In his unpublished “Romance in Marseilles” and “Harlem Glory” (both written some time after 1935, when he was already in declining health, fortune, and reputation as a Harlem Renaissance writer), McKay tried to recapture the spirit of the two cities and their black communities, but he was too far from his sources in time and geography, and the novellas lack the qualities of the earlier works. One short story, “Dinner at Douarnenez,” which was first published in 1985, conveys McKay’s deep attachment to France and his belief that blacks have generally been more welcome there than in other countries. Most of the social and political topics that Ray addresses are the subjects of articles in The Liberator and Amsterdam News, for which McKay worked as a journalist; many of them were treated also in The Negroes in America (1979), which McKay wrote when he visited the Soviet Union in 1922-1923 but which remained unpublished until its discovery decades later among some materials in the New York Public Library.

Bibliography

Cooper, Wayne F. Claude McKay: Rebel Sojourner in the Harlem Renaissance: A Biography. Baton Rouge: Louisiana State University Press, 1987. Traces McKay’s life from his birth in Jamaica through his years in America and England and his journey to Russia as well as his eventual conversion to Catholicism. A chapter is devoted to the period in which he wrote Banjo.

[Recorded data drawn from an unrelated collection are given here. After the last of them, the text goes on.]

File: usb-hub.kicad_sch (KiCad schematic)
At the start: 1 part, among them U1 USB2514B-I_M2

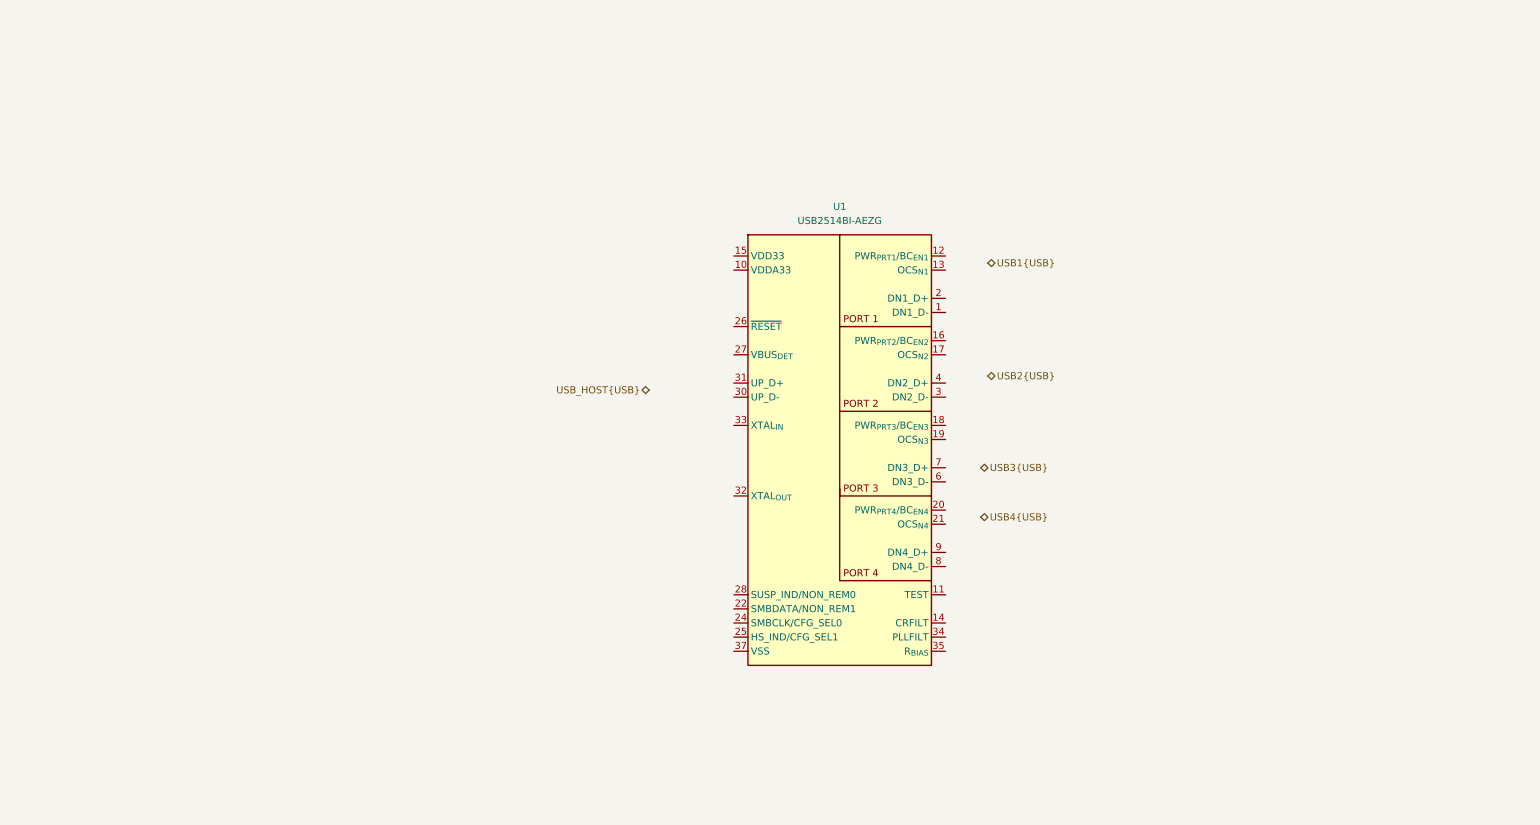
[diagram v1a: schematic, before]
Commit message: Add USB Hub, start selecting strap options
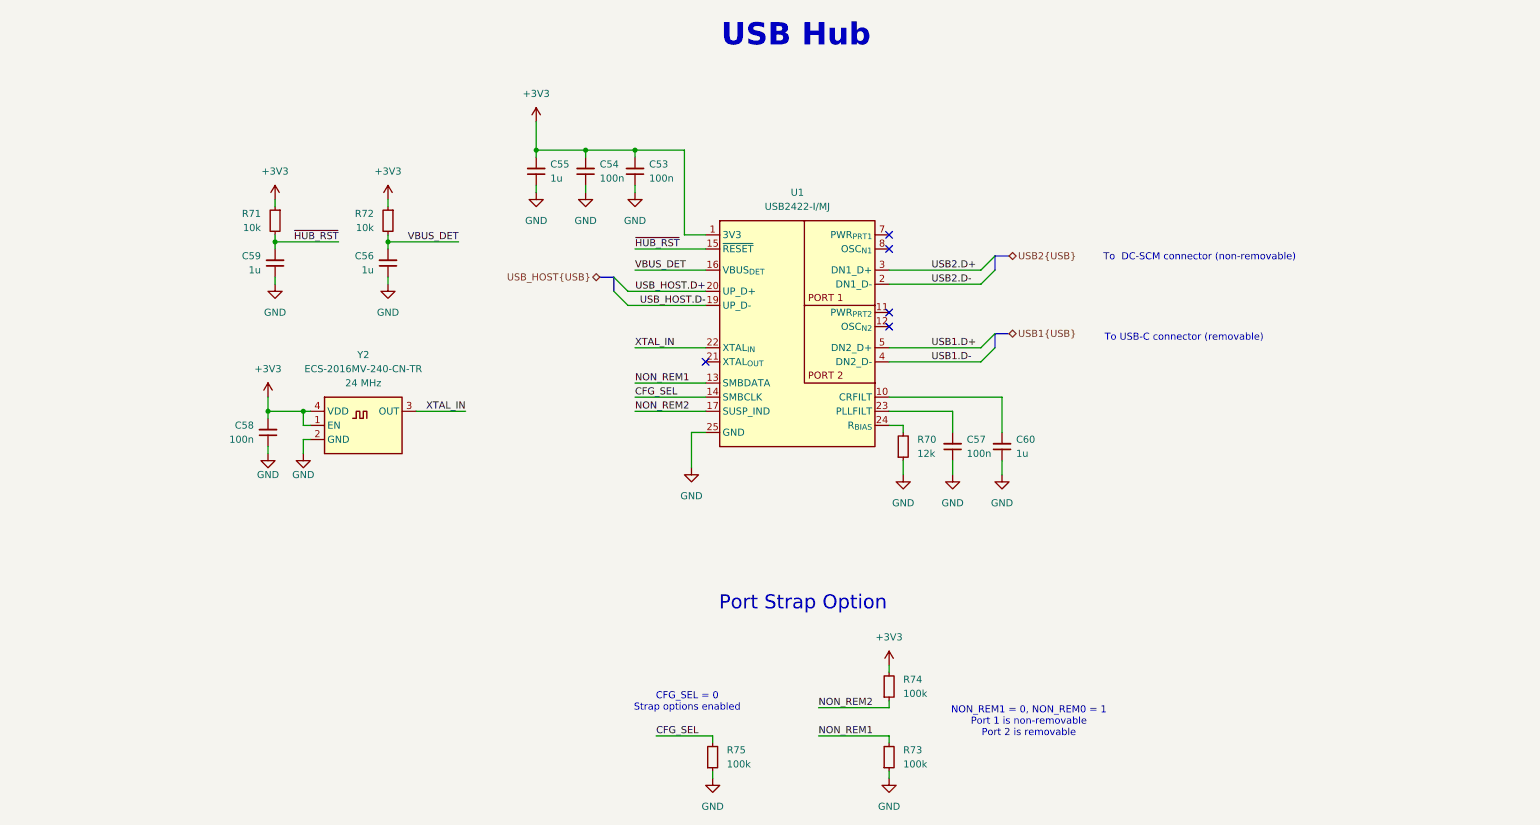
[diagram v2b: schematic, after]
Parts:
- removed U1: USB2514B-I_M2, antmicro-footprints:QFN-36-1EP_6x6mm_P0.5mm_EP3.7x3.7mm, symbol antmicroInterfaceControllers:USB2514B-I_M2
- added C53, C54, C57, C58: C_100n_0402, antmicro-footprints:C_0402_1005Metric, symbol Capacitors0402:C_100n_0402
- added C55, C56, C59, C60: C_1u_16V_0402, antmicro-footprints:C_0402_1005Metric, symbol Capacitors0402:C_1u_16V_0402
- added R70: R_12k_0402, antmicro-footprints:R_0402_1005Metric, symbol Resistors0402:R_12k_0402
- added R71, R72: R_10k_0402, antmicro-footprints:R_0402_1005Metric, symbol Resistors0402:R_10k_0402
- added R73, R74, R75: R_100k_0402, antmicro-footprints:R_0402_1005Metric, symbol Resistors0402:R_100k_0402
- added U1: USB2422-I_MJ, antmicro-footprints:QFN-24-1EP_4x4mm_P0.5mm_EP2.6x2.6mm, symbol InterfaceControllers:USB2422-I_MJ
- added Y2: Oscillator_24MHz_ESC_2016MV, antmicro-footprints:Oscillator_SMD_ECS_2016MV_2x1.6x0.85mm, symbol Oscillators:Oscillator_24MHz_ESC_2016MV
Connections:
- new net: C60.2, U1.10 (CRFILT)
- new net: C57.2, U1.23 (PLLFILT)
- new net: R70.2, U1.24 (R_{BIAS})
- new net +3V3: C53.2, C54.2, C55.2, C58.2, R71.1, R72.1, R74.2, U1.1 (3V3), U1.18 (3V3), U1.9 (3V3), Y2.1 (EN), Y2.4 (VDD)
- new net CFG_SEL: R75.2, U1.14 (SMBCLK)
- new net GND: C53.1, C54.1, C55.1, C56.1, C57.1, C58.1, C59.1, C60.1, R70.1, R73.1, R75.1, U1.25 (GND), Y2.2 (GND)
- new net NON_REM1: R73.2, U1.13 (SMBDATA)
- new net NON_REM2: R74.1, U1.17 (SUSP_IND)
- new net USB1.D+: U1.5 (DN2_D+)
- new net USB1.D-: U1.4 (DN2_D-)
- new net USB2.D+: U1.3 (DN1_D+)
- new net USB2.D-: U1.2 (DN1_D-)
- new net USB_HOST.D+: U1.20 (UP_D+)
- new net USB_HOST.D-: U1.19 (UP_D-)
- new net VBUS_DET: C56.2, R72.2, U1.16 (VBUS_{DET})
- new net XTAL_IN: U1.22 (XTAL_{IN}), Y2.3 (OUT)
- new net ~{HUB_RST}: C59.2, R71.2, U1.15 (~{RESET})
- no-connect marks 0 -> 5
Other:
- note added: "CFG_SEL = 0 Strap options enabled"
- note added: "NON_REM1 = 0, NON_REM0 = 1 Port 1 is non-removable Port 2 is removable"
- note added: "Port Strap Option"
- note added: "To DC-SCM connector (non-removable)"
- note added: "To USB-C connector (removable)"
- note added: "USB Hub"

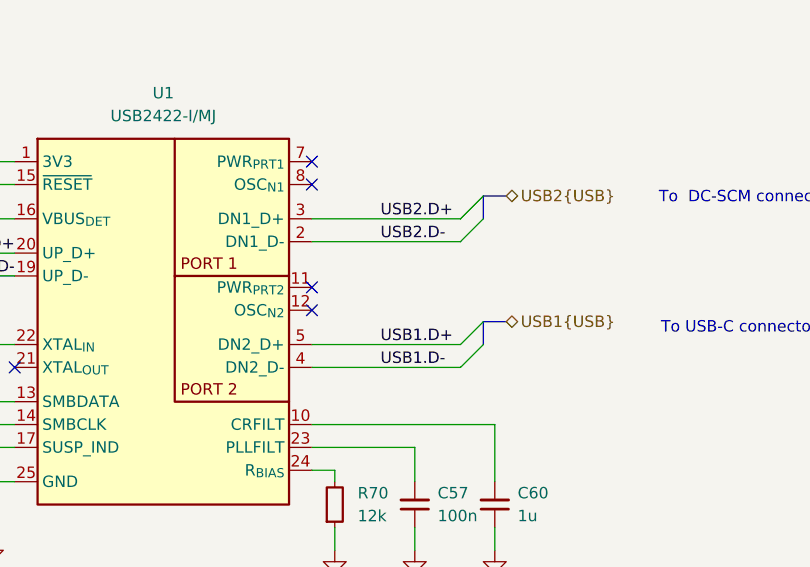
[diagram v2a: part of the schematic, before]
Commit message: Add CC controllers to USB0 and USB1
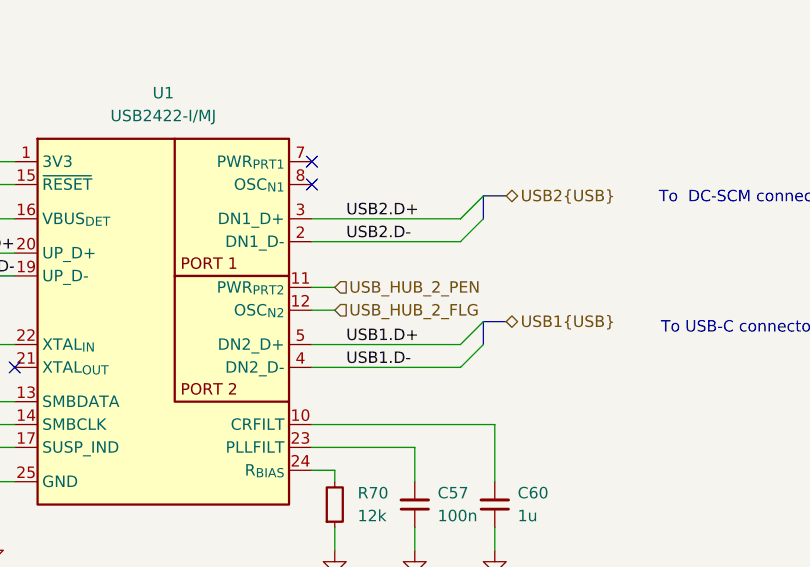
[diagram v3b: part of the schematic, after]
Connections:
- net USB_HUB_2_PEN: now reaches U1.11 (PWR_{PRT2})
- net USB_HUB_2_FLG: now reaches U1.12 (OSC_{N2})
- no-connect marks 5 -> 3
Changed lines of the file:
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@@
-	)
-	(no_connect
-		(at 199.39 114.3)
 	)
 	(no_connect
 		(at 199.39 100.33)
-	)
-	(no_connect
-		(at 199.39 116.84)
 	)
 	(no_connect
@@
 	(wire
 		(pts
+			(xy 199.39 116.84) (xy 201.93 116.84)
+		)
+		(stroke
+			(width 0)
+			(type default)
+		)
+	)
+	(wire
+		(pts
 			(xy 93.98 134.62) (xy 93.98 132.08)
 		)
@@
 		(pts
 			(xy 186.69 190.5) (xy 199.39 190.5)
+		)
+		(stroke
+			(width 0)
+			(type default)
+		)
+	)
+	(wire
+		(pts
+			(xy 199.39 114.3) (xy 201.93 114.3)
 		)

Draper, James P., ed. Black Literature Criticism. 3 vols. Detroit: Gale Research, 1992. Includes an extensive biographical profile of McKay and excerpts from criticism on his works.

Giles, James R. Claude McKay. Boston: Twayne, 1976. Giles provides a critical and interpretive study of McKay, with a close reading of his major works, a solid bibliography, and complete notes and references.

Tillery, Tyrone. Claude McKay: A Black Poet’s Struggle for Identity. Amherst: University of Massachusetts Press, 1992. Tillery’s biography is a well-documented and fascinating study of McKay’s life. Focuses on McKay’s turbulent life and personality and examines his various associations with black radicalism, socialism, and communism and his ultimate rejection of them for the refuge of the Catholic church.